Conceptually, this is simple:
* A symbol dictionary defines an (id => bitmap) mapping
* A text region has a list of (id, x, y) tuples that draw the bitmap
of the given ID at that position
It's made a bit complicated due to the JBIG2 format supporting all kinds
of features to improve compression.
For symbol dictionaries:
* All images in a symbol dictionary are organized into "height classes",
which are bitmaps of the same height. Within each height class, the
deltas of the widths of consecutive images are stored.
* Entries in a symbol dictionary can "refine" other entries, using
either refinement coding if it refines a single existing symbol
(say, a bitmap looking like an "o" might be a refinement of a bitmap
looking like a "c"), or it might be a mosaic of several existing
symbol.
* Symbol dictionaries can refer to earlier symbol dictionaries, and
re-export a subset of the referred-to symbols.
* The symbol dictionary can optionally be Huffman-coded instead of
arithmetically-coded.

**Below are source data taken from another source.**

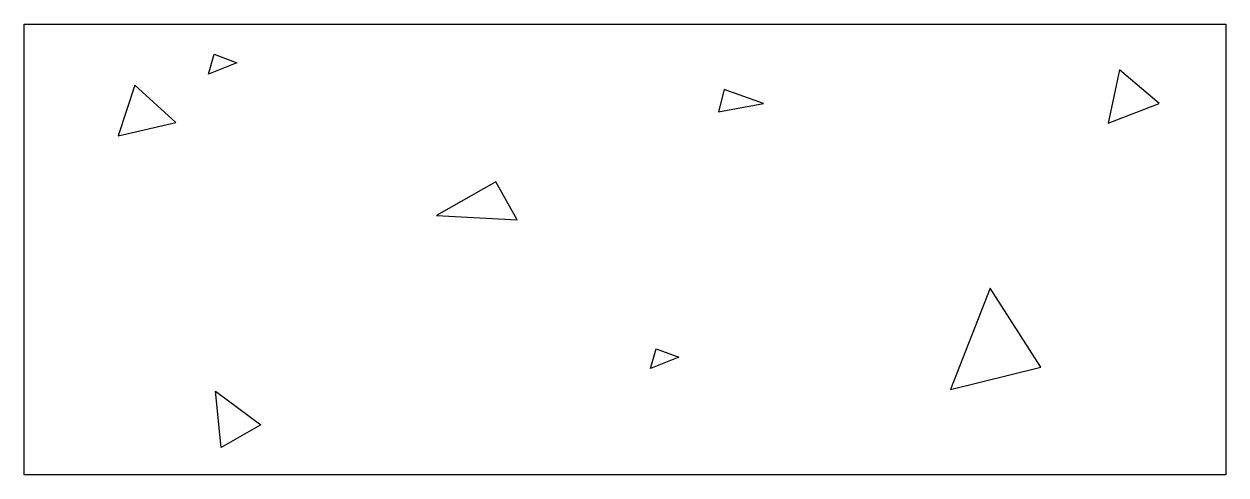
# Model space of a CAD drawing. Header units: metres. Extents: x 15350 to 17270, y 4464 to 5184.
import ezdxf

# ---------------------------------------------------------------- set-up
doc = ezdxf.new("R2010")
doc.units = ezdxf.units.M
doc.layers.add('LAYER1', color=1, linetype='Continuous')

msp = doc.modelspace()

# ---------------------------------------------------------------- linework, layer by layer
for p, q in [((15644.46, 5104.2), (15653.49, 5135.72)), ((15653.49, 5135.72), (15689.59, 5122.21)), ((15689.59, 5122.21), (15644.46, 5104.2)), ((17099.96, 5111.13), (17081.91, 5025.59)), ((17163.14, 5057.11), (17099.96, 5111.13)), ((15527.14, 5086.37), (15500.06, 5005.33)), ((15592.13, 5026.94), (15527.14, 5086.37)), ((16468.12, 5079.62), (16459.1, 5043.6)), ((16531.31, 5057.11), (16468.12, 5079.62)), ((16459.1, 5043.6), (16531.31, 5057.11)), ((17081.91, 5025.59), (17163.14, 5057.11)), ((15500.06, 5005.33), (15592.13, 5026.94)), ((16103.69, 4932.17), (16008.91, 4878.15)), ((16137.54, 4871.39), (16103.69, 4932.17)), ((16008.91, 4878.15), (16137.54, 4871.39)), ((16893.12, 4762.4), (16829.94, 4600.33)), ((16974.36, 4636.34), (16893.12, 4762.4)), ((16350.78, 4633.9), (16359.81, 4665.42)), ((16395.91, 4651.91), (16350.78, 4633.9)), ((16359.81, 4665.42), (16395.91, 4651.91)), ((16829.94, 4600.33), (16974.36, 4636.34)), ((15664.79, 4507.84), (15655.76, 4597.88)), ((15655.76, 4597.88), (15727.97, 4543.86)), ((15727.97, 4543.86), (15664.79, 4507.84))]:
    msp.add_line(p, q)
at = {"layer": 'LAYER1'}
for p, q in [((15349.9, 4464.02), (15349.9, 5184.02)), ((15349.9, 5184.02), (17269.9, 5184.02)), ((17269.9, 5184.02), (17269.9, 4464.02)), ((17269.9, 4464.02), (15349.9, 4464.02))]:
    msp.add_line(p, q, dxfattribs=at)

doc.saveas('drawing.dxf')
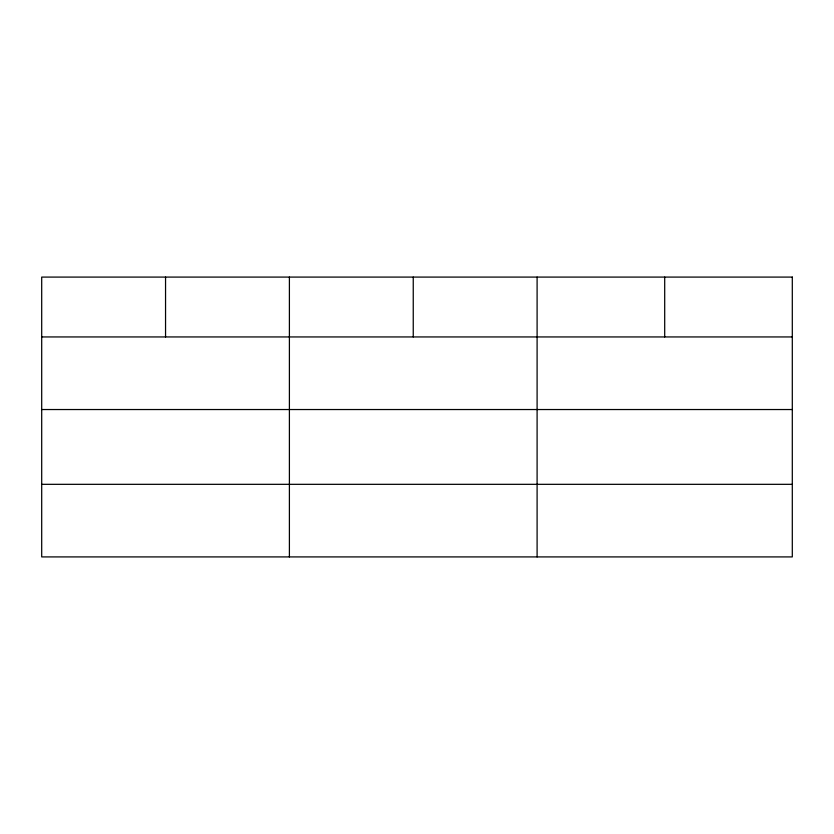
<?xml version="1.0" encoding="UTF-8"?>
<svg xmlns="http://www.w3.org/2000/svg" width="834" height="834" viewBox="0 0 834 834"><rect width="100%" height="100%" fill="white"/><g stroke="black" fill="none" stroke-linecap="round" stroke-linejoin="round"><path stroke-width="1.25" d="M41.7 336.946L792.3 336.946M41.7 409.536L792.3 409.536M41.7 484.325L792.3 484.325M664.698 277.086L664.698 336.946M537.096 277.086L537.096 556.914M413.247 277.086L413.247 336.946M289.398 277.086L289.398 556.914M165.549 277.086L165.549 336.946M792.3 277.086L41.7 277.086L41.7 556.914L792.3 556.914L792.3 277.086"/></g></svg>

It can then refer to custom table segments.
In the common case, huffman-coded symbol dictionaries store a
single "height class collective bitmap" (which is just all bitmaps
of a given height concatenated horizontally).
For text regions:
* Symbol instances are grouped into stripes, with a predicted position
advancing in stripe direction, and the actual position of the next
symbol instance is stored relative to that predicted position.
* To influence how that predicted position changes, a text region
has a configurable "reference corner" (top left, bottom right, etc)
and a "transposed" flag.
* A symbol instance too can refine its referred-to symbol
(but it can only refine a single symbol).
* Text regions also optionally support huffman coding, and if it's used
a deflate-style "code length lengths" table is written for the
symbol id table. (This implementation for now just assigns
equally-sized symbols for everything and doesn't compute an
optimal table. That's enough for creating tests, and if you care about
file size, you're likely using arithmetic coding anyway.)
This implementation supports most of that!
And its outputs work in PDFium, pdf.js, and Preview.app (in addition to
in Serenity). The old `jbig2`-created symbol/text test files we have
did not work in Preview.app.
While the file format stores deltas of everything, I made it so that
the JSON files specify the absolute coordinates. Generally I try to keep
the JSON files very close to the final output (that's why height classes
are e.g. visible at the JSON level), but having to compute deltas
manually seemed inconvenient.
Some things don't work yet:
* Refinement of symbols that themselves are refined using the text
region method
* Intermediate text region segments
* Huffman-coded segments that use refinement
The former two will need drawing of text region segments in the encoder.
Maybe it should call the decoder for that, or maybe it should
re-implement text region segment painting. I need to think about that
some, so I leave it to future us.
The latter needs some additional code since refinement coding always
writes arithmetically-coded data. The loader doesn't handle that
case yet either, since I haven't seen it in practice and up until
now it was nigh-impossible to create test data for it.
The existing encoding procedures were fairly similar to the decoding
procedures. The symbol and text procedures are actually fairly
different. They have the same flow and the same spec comments, but
the actual code is very different between the two. (No point here,
I just thought that's mildly interesting.)
...when writing symbol dictionary regions.
Only set the default when refinement or aggregate coding is used,
and assign the default to the right variable.